- _Aim of the task_:
If a picture appears, leave it out, and reproduce exactly the lines from the start of the listing below through the one bearing "#12=(NAMED_UNIT(*) SI_UNIT($,.STERADIAN.) SOLID_ANGLE_UNIT());".

>>>>>

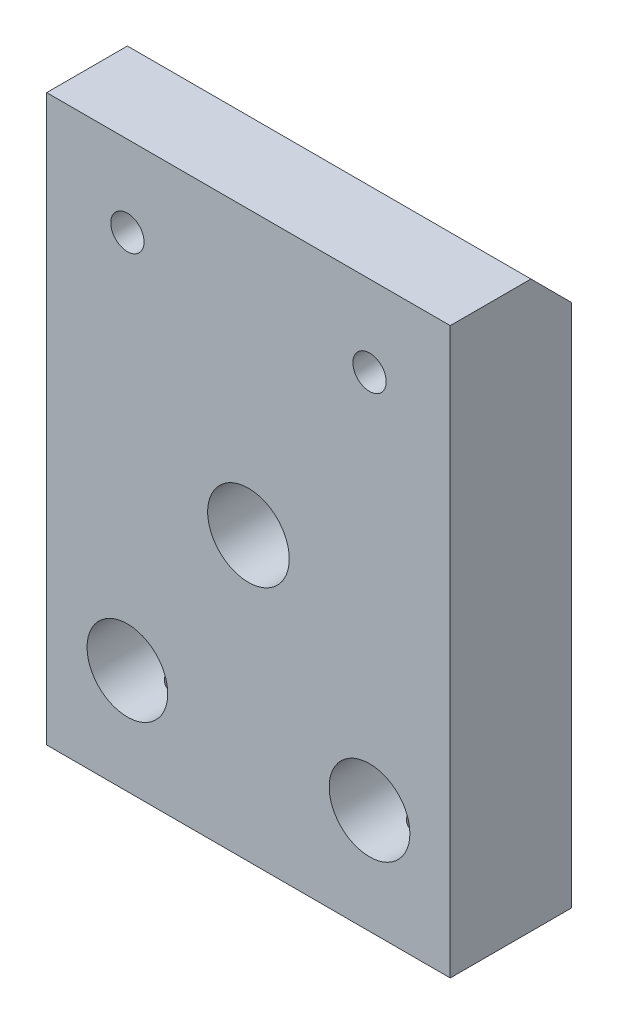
ISO-10303-21;
HEADER;
FILE_DESCRIPTION(('STEP AP214'),'2;1');
FILE_NAME('part.step','',(''),(''),'','','');
FILE_SCHEMA(('AUTOMOTIVE_DESIGN { 1 0 10303 214 1 1 1 1 }'));
ENDSEC;
DATA;
#1=APPLICATION_CONTEXT('core data for automotive mechanical design processes');
#2=APPLICATION_PROTOCOL_DEFINITION('international standard','automotive_design',2000,#1);
#3=PRODUCT_CONTEXT('',#1,'mechanical');
#4=PRODUCT('Part','Part','',(#3));
#5=PRODUCT_RELATED_PRODUCT_CATEGORY('part','',(#4));
#6=PRODUCT_DEFINITION_FORMATION('','',#4);
#7=PRODUCT_DEFINITION_CONTEXT('part definition',#1,'design');
#8=PRODUCT_DEFINITION('design','',#6,#7);
#9=PRODUCT_DEFINITION_SHAPE('','',#8);
#10=(LENGTH_UNIT() NAMED_UNIT(*) SI_UNIT(.MILLI.,.METRE.));
#11=(NAMED_UNIT(*) PLANE_ANGLE_UNIT() SI_UNIT($,.RADIAN.));
#12=(NAMED_UNIT(*) SI_UNIT($,.STERADIAN.) SOLID_ANGLE_UNIT());
#13=UNCERTAINTY_MEASURE_WITH_UNIT(LENGTH_MEASURE(1.E-05),#10,'distance_accuracy_value','');
#14=(GEOMETRIC_REPRESENTATION_CONTEXT(3) GLOBAL_UNCERTAINTY_ASSIGNED_CONTEXT((#13)) GLOBAL_UNIT_ASSIGNED_CONTEXT((#10,
#11,#12)) REPRESENTATION_CONTEXT('',''));
#15=CARTESIAN_POINT('',(0.,0.,0.));
#16=DIRECTION('',(0.,0.,1.));
#17=DIRECTION('',(1.,0.,0.));
#18=AXIS2_PLACEMENT_3D('',#15,#16,#17);
#19=CARTESIAN_POINT('',(-25.,0.,15.));
#20=DIRECTION('',(0.,1.,0.));
#21=DIRECTION('',(0.,0.,1.));
#22=AXIS2_PLACEMENT_3D('',#19,#20,#21);
#23=PLANE('',#22);
#24=DIRECTION('',(1.,0.,0.));
#25=VECTOR('',#24,1.);
#26=CARTESIAN_POINT('',(-25.,0.,0.));
#27=LINE('',#26,#25);
#28=CARTESIAN_POINT('',(-25.,0.,0.));
#29=VERTEX_POINT('',#28);
#30=CARTESIAN_POINT('',(25.,0.,0.));
#31=VERTEX_POINT('',#30);
#32=EDGE_CURVE('E79',#29,#31,#27,.T.);
#33=ORIENTED_EDGE('',*,*,#32,.T.);
#34=DIRECTION('',(0.,0.,-1.));
#35=VECTOR('',#34,1.);
#36=CARTESIAN_POINT('',(25.,0.,15.));
#37=LINE('',#36,#35);
#38=CARTESIAN_POINT('',(25.,0.,15.));
#39=VERTEX_POINT('',#38);
#40=EDGE_CURVE('E85',#39,#31,#37,.T.);
#41=ORIENTED_EDGE('',*,*,#40,.F.);
#42=DIRECTION('',(1.,0.,0.));
#43=VECTOR('',#42,1.);
#44=CARTESIAN_POINT('',(-25.,0.,15.));
#45=LINE('',#44,#43);
#46=CARTESIAN_POINT('',(-25.,0.,15.));
#47=VERTEX_POINT('',#46);
#48=EDGE_CURVE('E81',#47,#39,#45,.T.);
#49=ORIENTED_EDGE('',*,*,#48,.F.);
#50=DIRECTION('',(0.,0.,-1.));
#51=VECTOR('',#50,1.);
#52=CARTESIAN_POINT('',(-25.,0.,15.));
#53=LINE('',#52,#51);
#54=EDGE_CURVE('E75',#47,#29,#53,.T.);
#55=ORIENTED_EDGE('',*,*,#54,.T.);
#56=EDGE_LOOP('',(#33,#41,#49,#55));
#57=FACE_BOUND('',#56,.T.);
#58=CARTESIAN_POINT('',(15.,0.,7.5));
#59=DIRECTION('',(0.,-1.,0.));
#60=DIRECTION('',(0.,0.,-1.));
#61=AXIS2_PLACEMENT_3D('',#58,#59,#60);
#62=CIRCLE('',#61,2.065);
#63=CARTESIAN_POINT('',(15.,0.,5.435));
#64=VERTEX_POINT('',#63);
#65=EDGE_CURVE('E229',#64,#64,#62,.T.);
#66=ORIENTED_EDGE('',*,*,#65,.F.);
#67=EDGE_LOOP('',(#66));
#68=FACE_BOUND('',#67,.T.);
#69=CARTESIAN_POINT('',(-15.,0.,7.5));
#70=DIRECTION('',(0.,1.,0.));
#71=DIRECTION('',(0.,0.,1.));
#72=AXIS2_PLACEMENT_3D('',#69,#70,#71);
#73=CIRCLE('',#72,2.065);
#74=CARTESIAN_POINT('',(-15.,0.,9.565));
#75=VERTEX_POINT('',#74);
#76=EDGE_CURVE('E226',#75,#75,#73,.T.);
#77=ORIENTED_EDGE('',*,*,#76,.T.);
#78=EDGE_LOOP('',(#77));
#79=FACE_BOUND('',#78,.T.);
#80=ADVANCED_FACE('F29',(#57,#68,#79),#23,.F.);
#81=CARTESIAN_POINT('',(-15.,13.,15.));
#82=DIRECTION('',(0.,0.,-1.));
#83=DIRECTION('',(-1.,0.,0.));
#84=AXIS2_PLACEMENT_3D('',#81,#82,#83);
#85=CYLINDRICAL_SURFACE('',#84,5.);
#86=CARTESIAN_POINT('',(-15.,13.,0.));
#87=DIRECTION('',(0.,0.,-1.));
#88=DIRECTION('',(-1.,0.,0.));
#89=AXIS2_PLACEMENT_3D('',#86,#87,#88);
#90=CIRCLE('',#89,5.);
#91=CARTESIAN_POINT('',(-20.,13.,0.));
#92=VERTEX_POINT('',#91);
#93=EDGE_CURVE('E203',#92,#92,#90,.T.);
#94=ORIENTED_EDGE('',*,*,#93,.T.);
#95=EDGE_LOOP('',(#94));
#96=FACE_BOUND('',#95,.T.);
#97=CARTESIAN_POINT('',(-15.,13.,15.));
#98=DIRECTION('',(0.,0.,-1.));
#99=DIRECTION('',(-1.,0.,0.));
#100=AXIS2_PLACEMENT_3D('',#97,#98,#99);
#101=CIRCLE('',#100,5.);
#102=CARTESIAN_POINT('',(-20.,13.,15.));
#103=VERTEX_POINT('',#102);
#104=EDGE_CURVE('E206',#103,#103,#101,.T.);
#105=ORIENTED_EDGE('',*,*,#104,.F.);
#106=EDGE_LOOP('',(#105));
#107=FACE_BOUND('',#106,.T.);
#108=CARTESIAN_POINT('',(-15.,8.,5.435));
#109=CARTESIAN_POINT('',(-14.8893026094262,8.00000867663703,5.43501158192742));
#110=CARTESIAN_POINT('',(-14.7784269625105,8.00371890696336,5.44395402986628));
#111=CARTESIAN_POINT('',(-14.5598143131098,8.01820133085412,5.47940818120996));
#112=CARTESIAN_POINT('',(-14.4520863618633,8.02899212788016,5.50596616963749));
#113=CARTESIAN_POINT('',(-14.243288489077,8.05647543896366,5.5755068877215));
#114=CARTESIAN_POINT('',(-14.1421975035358,8.07314809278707,5.61843438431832));
#115=CARTESIAN_POINT('',(-13.9487483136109,8.11076754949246,5.7192695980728));
#116=CARTESIAN_POINT('',(-13.8563873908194,8.13171301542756,5.77717263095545));
#117=CARTESIAN_POINT('',(-13.6783021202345,8.17693718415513,5.90934458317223));
#118=CARTESIAN_POINT('',(-13.5930668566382,8.2013237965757,5.98423524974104));
#119=CARTESIAN_POINT('',(-13.4359468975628,8.25020822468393,6.14694256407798));
#120=CARTESIAN_POINT('',(-13.3640691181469,8.27470609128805,6.23476586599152));
#121=CARTESIAN_POINT('',(-13.2322878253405,8.32235683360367,6.42597291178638));
#122=CARTESIAN_POINT('',(-13.1731273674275,8.3453881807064,6.52990222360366));
#123=CARTESIAN_POINT('',(-13.0733461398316,8.38579102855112,6.747327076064));
#124=CARTESIAN_POINT('',(-13.0327159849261,8.40316539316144,6.86081773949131));
#125=CARTESIAN_POINT('',(-12.9731591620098,8.42912126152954,7.08851584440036));
#126=CARTESIAN_POINT('',(-12.9532922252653,8.4380816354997,7.20243251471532));
#127=CARTESIAN_POINT('',(-12.932891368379,8.44728647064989,7.4323078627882));
#128=CARTESIAN_POINT('',(-12.9323470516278,8.447535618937,7.54826540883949));
#129=CARTESIAN_POINT('',(-12.9498977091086,8.43961107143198,7.76964088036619));
#130=CARTESIAN_POINT('',(-12.9665965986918,8.43206822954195,7.87519657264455));
#131=CARTESIAN_POINT('',(-13.0158210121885,8.41047405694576,8.08184665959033));
#132=CARTESIAN_POINT('',(-13.0483495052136,8.39642150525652,8.18294021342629));
#133=CARTESIAN_POINT('',(-13.1289410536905,8.36307564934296,8.38032487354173));
#134=CARTESIAN_POINT('',(-13.1773173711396,8.34367803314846,8.47646966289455));
#135=CARTESIAN_POINT('',(-13.2880102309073,8.30185292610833,8.65964621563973));
#136=CARTESIAN_POINT('',(-13.350332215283,8.27942425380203,8.74667440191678));
#137=CARTESIAN_POINT('',(-13.4932136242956,8.23180178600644,8.91673969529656));
#138=CARTESIAN_POINT('',(-13.5748565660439,8.20653289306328,8.99884799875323));
#139=CARTESIAN_POINT('',(-13.7510081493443,8.15764848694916,9.1485160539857));
#140=CARTESIAN_POINT('',(-13.8455196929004,8.13403334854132,9.21607251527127));
#141=CARTESIAN_POINT('',(-14.0475060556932,8.09045316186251,9.33604879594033));
#142=CARTESIAN_POINT('',(-14.1552230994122,8.07058133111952,9.38809717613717));
#143=CARTESIAN_POINT('',(-14.3789141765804,8.03743977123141,9.47300972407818));
#144=CARTESIAN_POINT('',(-14.4948836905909,8.02416645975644,9.50588430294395));
#145=CARTESIAN_POINT('',(-14.7240205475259,8.00638303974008,9.54958673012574));
#146=CARTESIAN_POINT('',(-14.8369117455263,8.00137812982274,9.56166143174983));
#147=CARTESIAN_POINT('',(-15.0632086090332,7.99912067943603,9.56713065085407));
#148=CARTESIAN_POINT('',(-15.1766141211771,8.00186596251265,9.56053041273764));
#149=CARTESIAN_POINT('',(-15.3949236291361,8.01447878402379,9.52973530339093));
#150=CARTESIAN_POINT('',(-15.4999730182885,8.02399392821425,9.50641054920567));
#151=CARTESIAN_POINT('',(-15.704556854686,8.0488157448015,9.44403344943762));
#152=CARTESIAN_POINT('',(-15.8040906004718,8.0641231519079,9.40497910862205));
#153=CARTESIAN_POINT('',(-15.9982960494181,8.09964729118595,9.31097479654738));
#154=CARTESIAN_POINT('',(-16.0927215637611,8.12000143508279,9.2555698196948));
#155=CARTESIAN_POINT('',(-16.2712719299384,8.16343874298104,9.13093793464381));
#156=CARTESIAN_POINT('',(-16.3553924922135,8.18652303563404,9.06170530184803));
#157=CARTESIAN_POINT('',(-16.5171549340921,8.23493299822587,8.90568902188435));
#158=CARTESIAN_POINT('',(-16.5939263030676,8.26030218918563,8.81801397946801));
#159=CARTESIAN_POINT('',(-16.7319028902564,8.30895763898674,8.63061016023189));
#160=CARTESIAN_POINT('',(-16.7931048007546,8.3322434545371,8.5308788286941));
#161=CARTESIAN_POINT('',(-16.8988015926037,8.37421964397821,8.32026387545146));
#162=CARTESIAN_POINT('',(-16.9430656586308,8.39284540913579,8.20925059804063));
#163=CARTESIAN_POINT('',(-17.0119034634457,8.42248153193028,7.98033726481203));
#164=CARTESIAN_POINT('',(-17.0364930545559,8.43349801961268,7.86244283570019));
#165=CARTESIAN_POINT('',(-17.0637217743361,8.44574322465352,7.63275468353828));
#166=CARTESIAN_POINT('',(-17.0678851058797,8.44765128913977,7.52117696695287));
#167=CARTESIAN_POINT('',(-17.0581974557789,8.44326298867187,7.29898228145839));
#168=CARTESIAN_POINT('',(-17.0443491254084,8.43696783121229,7.18836517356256));
#169=CARTESIAN_POINT('',(-17.0003039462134,8.41749858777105,6.97634738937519));
#170=CARTESIAN_POINT('',(-16.9708697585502,8.40464635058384,6.87475592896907));
#171=CARTESIAN_POINT('',(-16.897226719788,8.37375782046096,6.6779259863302));
#172=CARTESIAN_POINT('',(-16.8530137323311,8.35572007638,6.58268929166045));
#173=CARTESIAN_POINT('',(-16.7480350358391,8.31516114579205,6.39508753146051));
#174=CARTESIAN_POINT('',(-16.6864406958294,8.29243699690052,6.30323082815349));
#175=CARTESIAN_POINT('',(-16.5496193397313,8.24564377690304,6.13067964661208));
#176=CARTESIAN_POINT('',(-16.4743877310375,8.22157425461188,6.04998894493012));
#177=CARTESIAN_POINT('',(-16.3060799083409,8.17274855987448,5.8961675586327));
#178=CARTESIAN_POINT('',(-16.2121158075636,8.14806503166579,5.82398082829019));
#179=CARTESIAN_POINT('',(-16.0124873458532,8.10251750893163,5.6963581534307));
#180=CARTESIAN_POINT('',(-15.9068176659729,8.08165526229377,5.64092986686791));
#181=CARTESIAN_POINT('',(-15.6884908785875,8.04641513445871,5.5496220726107));
#182=CARTESIAN_POINT('',(-15.5759836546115,8.03193274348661,5.51342532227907));
#183=CARTESIAN_POINT('',(-15.3459613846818,8.01065705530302,5.46079304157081));
#184=CARTESIAN_POINT('',(-15.2284632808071,8.00383961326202,5.44429544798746));
#185=CARTESIAN_POINT('',(-15.0737281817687,8.00040494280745,5.43598325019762));
#186=CARTESIAN_POINT('',(-15.0368739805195,7.99999710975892,5.43499614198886));
#187=CARTESIAN_POINT('',(-15.,8.,5.435));
#188=B_SPLINE_CURVE_WITH_KNOTS('',3,(#108,#109,#110,#111,#112,#113,#114,#115,#116,#117,#118,
#119,#120,#121,#122,#123,#124,#125,#126,#127,#128,#129,#130,#131,#132,#133,#134,#135,#136,#137,
#138,#139,#140,#141,#142,#143,#144,#145,#146,#147,#148,#149,#150,#151,#152,#153,#154,#155,#156,
#157,#158,#159,#160,#161,#162,#163,#164,#165,#166,#167,#168,#169,#170,#171,#172,#173,#174,#175,
#176,#177,#178,#179,#180,#181,#182,#183,#184,#185,#186,#187),.UNSPECIFIED.,.T.,.F.,(4,2,2,2,2,2,
2,2,2,2,2,2,2,2,2,2,2,2,2,2,2,2,2,2,2,2,2,2,2,2,2,2,2,2,2,2,2,2,2,4),(0.,0.331988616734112,
0.664853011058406,0.996604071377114,1.32825148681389,1.67489852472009,2.02172454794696,
2.38524751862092,2.74858616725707,3.09464535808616,3.44051834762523,3.76042850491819,
4.08039868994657,4.40711944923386,4.73396792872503,5.08790948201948,5.44193098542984,
5.8038529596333,6.1655782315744,6.50474912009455,6.84382477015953,7.1664319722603,
7.48908010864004,7.82172488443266,8.15450766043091,8.51067284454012,8.86691363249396,
9.2278493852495,9.58849402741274,9.9217693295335,10.254995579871,10.5732468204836,
10.8915872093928,11.2288764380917,11.5662794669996,11.9276457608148,12.289176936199,
12.6445429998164,12.9987864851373,13.1093739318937),.UNSPECIFIED.);
#189=CARTESIAN_POINT('',(-15.,8.,5.435));
#190=VERTEX_POINT('',#189);
#191=EDGE_CURVE('E223',#190,#190,#188,.T.);
#192=ORIENTED_EDGE('',*,*,#191,.T.);
#193=EDGE_LOOP('',(#192));
#194=FACE_BOUND('',#193,.T.);
#195=ADVANCED_FACE('F143',(#96,#107,#194),#85,.F.);
#196=CARTESIAN_POINT('',(25.,70.,15.));
#197=DIRECTION('',(0.,0.,1.));
#198=DIRECTION('',(1.,0.,0.));
#199=AXIS2_PLACEMENT_3D('',#196,#197,#198);
#200=PLANE('',#199);
#201=CARTESIAN_POINT('',(15.,60.,15.));
#202=DIRECTION('',(0.,0.,-1.));
#203=DIRECTION('',(-1.,0.,0.));
#204=AXIS2_PLACEMENT_3D('',#201,#202,#203);
#205=CIRCLE('',#204,2.065);
#206=CARTESIAN_POINT('',(12.935,60.,15.));
#207=VERTEX_POINT('',#206);
#208=EDGE_CURVE('E189',#207,#207,#205,.T.);
#209=ORIENTED_EDGE('',*,*,#208,.T.);
#210=EDGE_LOOP('',(#209));
#211=FACE_BOUND('',#210,.T.);
#212=CARTESIAN_POINT('',(0.,35.,15.));
#213=DIRECTION('',(0.,0.,1.));
#214=DIRECTION('',(1.,0.,0.));
#215=AXIS2_PLACEMENT_3D('',#212,#213,#214);
#216=CIRCLE('',#215,5.055);
#217=CARTESIAN_POINT('',(5.055,35.,15.));
#218=VERTEX_POINT('',#217);
#219=EDGE_CURVE('E200',#218,#218,#216,.T.);
#220=ORIENTED_EDGE('',*,*,#219,.F.);
#221=EDGE_LOOP('',(#220));
#222=FACE_BOUND('',#221,.T.);
#223=ORIENTED_EDGE('',*,*,#104,.T.);
#224=EDGE_LOOP('',(#223));
#225=FACE_BOUND('',#224,.T.);
#226=DIRECTION('',(0.,1.,0.));
#227=VECTOR('',#226,1.);
#228=CARTESIAN_POINT('',(25.,0.,15.));
#229=LINE('',#228,#227);
#230=CARTESIAN_POINT('',(25.,70.,15.));
#231=VERTEX_POINT('',#230);
#232=EDGE_CURVE('E91',#39,#231,#229,.T.);
#233=ORIENTED_EDGE('',*,*,#232,.T.);
#234=DIRECTION('',(-1.,0.,0.));
#235=VECTOR('',#234,1.);
#236=CARTESIAN_POINT('',(25.,70.,15.));
#237=LINE('',#236,#235);
#238=CARTESIAN_POINT('',(-25.,70.,15.));
#239=VERTEX_POINT('',#238);
#240=EDGE_CURVE('E101',#231,#239,#237,.T.);
#241=ORIENTED_EDGE('',*,*,#240,.T.);
#242=DIRECTION('',(0.,1.,0.));
#243=VECTOR('',#242,1.);
#244=CARTESIAN_POINT('',(-25.,0.,15.));
#245=LINE('',#244,#243);
#246=EDGE_CURVE('E103',#47,#239,#245,.T.);
#247=ORIENTED_EDGE('',*,*,#246,.F.);
#248=ORIENTED_EDGE('',*,*,#48,.T.);
#249=EDGE_LOOP('',(#233,#241,#247,#248));
#250=FACE_BOUND('',#249,.T.);
#251=CARTESIAN_POINT('',(15.,13.,15.));
#252=DIRECTION('',(0.,0.,1.));
#253=DIRECTION('',(1.,0.,0.));
#254=AXIS2_PLACEMENT_3D('',#251,#252,#253);
#255=CIRCLE('',#254,5.);
#256=CARTESIAN_POINT('',(20.,13.,15.));
#257=VERTEX_POINT('',#256);
#258=EDGE_CURVE('E95',#257,#257,#255,.T.);
#259=ORIENTED_EDGE('',*,*,#258,.F.);
#260=EDGE_LOOP('',(#259));
#261=FACE_BOUND('',#260,.T.);
#262=CARTESIAN_POINT('',(-15.,60.,15.));
#263=DIRECTION('',(0.,0.,1.));
#264=DIRECTION('',(1.,0.,0.));
#265=AXIS2_PLACEMENT_3D('',#262,#263,#264);
#266=CIRCLE('',#265,2.065);
#267=CARTESIAN_POINT('',(-12.935,60.,15.));
#268=VERTEX_POINT('',#267);
#269=EDGE_CURVE('E184',#268,#268,#266,.T.);
#270=ORIENTED_EDGE('',*,*,#269,.F.);
#271=EDGE_LOOP('',(#270));
#272=FACE_BOUND('',#271,.T.);
#273=ADVANCED_FACE('F122',(#211,#222,#225,#250,#261,#272),#200,.T.);
#274=CARTESIAN_POINT('',(25.,70.,0.));
#275=DIRECTION('',(0.,0.,1.));
#276=DIRECTION('',(1.,0.,0.));
#277=AXIS2_PLACEMENT_3D('',#274,#275,#276);
#278=PLANE('',#277);
#279=CARTESIAN_POINT('',(15.,60.,0.));
#280=DIRECTION('',(0.,0.,-1.));
#281=DIRECTION('',(-1.,0.,0.));
#282=AXIS2_PLACEMENT_3D('',#279,#280,#281);
#283=CIRCLE('',#282,2.065);
#284=CARTESIAN_POINT('',(12.935,60.,0.));
#285=VERTEX_POINT('',#284);
#286=EDGE_CURVE('E194',#285,#285,#283,.T.);
#287=ORIENTED_EDGE('',*,*,#286,.F.);
#288=EDGE_LOOP('',(#287));
#289=FACE_BOUND('',#288,.T.);
#290=CARTESIAN_POINT('',(0.,35.,0.));
#291=DIRECTION('',(0.,0.,1.));
#292=DIRECTION('',(1.,0.,0.));
#293=AXIS2_PLACEMENT_3D('',#290,#291,#292);
#294=CIRCLE('',#293,5.055);
#295=CARTESIAN_POINT('',(5.055,35.,0.));
#296=VERTEX_POINT('',#295);
#297=EDGE_CURVE('E191',#296,#296,#294,.T.);
#298=ORIENTED_EDGE('',*,*,#297,.T.);
#299=EDGE_LOOP('',(#298));
#300=FACE_BOUND('',#299,.T.);
#301=ORIENTED_EDGE('',*,*,#93,.F.);
#302=EDGE_LOOP('',(#301));
#303=FACE_BOUND('',#302,.T.);
#304=DIRECTION('',(0.,1.,0.));
#305=VECTOR('',#304,1.);
#306=CARTESIAN_POINT('',(-25.,0.,0.));
#307=LINE('',#306,#305);
#308=CARTESIAN_POINT('',(-25.,65.,0.));
#309=VERTEX_POINT('',#308);
#310=EDGE_CURVE('E89',#29,#309,#307,.T.);
#311=ORIENTED_EDGE('',*,*,#310,.T.);
#312=DIRECTION('',(1.,0.,0.));
#313=VECTOR('',#312,1.);
#314=CARTESIAN_POINT('',(25.,65.,0.));
#315=LINE('',#314,#313);
#316=CARTESIAN_POINT('',(25.,65.,0.));
#317=VERTEX_POINT('',#316);
#318=EDGE_CURVE('E37',#309,#317,#315,.T.);
#319=ORIENTED_EDGE('',*,*,#318,.T.);
#320=DIRECTION('',(0.,1.,0.));
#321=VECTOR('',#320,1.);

<<<<<

- _Reply_:
ISO-10303-21;
HEADER;
FILE_DESCRIPTION(('STEP AP214'),'2;1');
FILE_NAME('part.step','',(''),(''),'','','');
FILE_SCHEMA(('AUTOMOTIVE_DESIGN { 1 0 10303 214 1 1 1 1 }'));
ENDSEC;
DATA;
#1=APPLICATION_CONTEXT('core data for automotive mechanical design processes');
#2=APPLICATION_PROTOCOL_DEFINITION('international standard','automotive_design',2000,#1);
#3=PRODUCT_CONTEXT('',#1,'mechanical');
#4=PRODUCT('Part','Part','',(#3));
#5=PRODUCT_RELATED_PRODUCT_CATEGORY('part','',(#4));
#6=PRODUCT_DEFINITION_FORMATION('','',#4);
#7=PRODUCT_DEFINITION_CONTEXT('part definition',#1,'design');
#8=PRODUCT_DEFINITION('design','',#6,#7);
#9=PRODUCT_DEFINITION_SHAPE('','',#8);
#10=(LENGTH_UNIT() NAMED_UNIT(*) SI_UNIT(.MILLI.,.METRE.));
#11=(NAMED_UNIT(*) PLANE_ANGLE_UNIT() SI_UNIT($,.RADIAN.));
#12=(NAMED_UNIT(*) SI_UNIT($,.STERADIAN.) SOLID_ANGLE_UNIT());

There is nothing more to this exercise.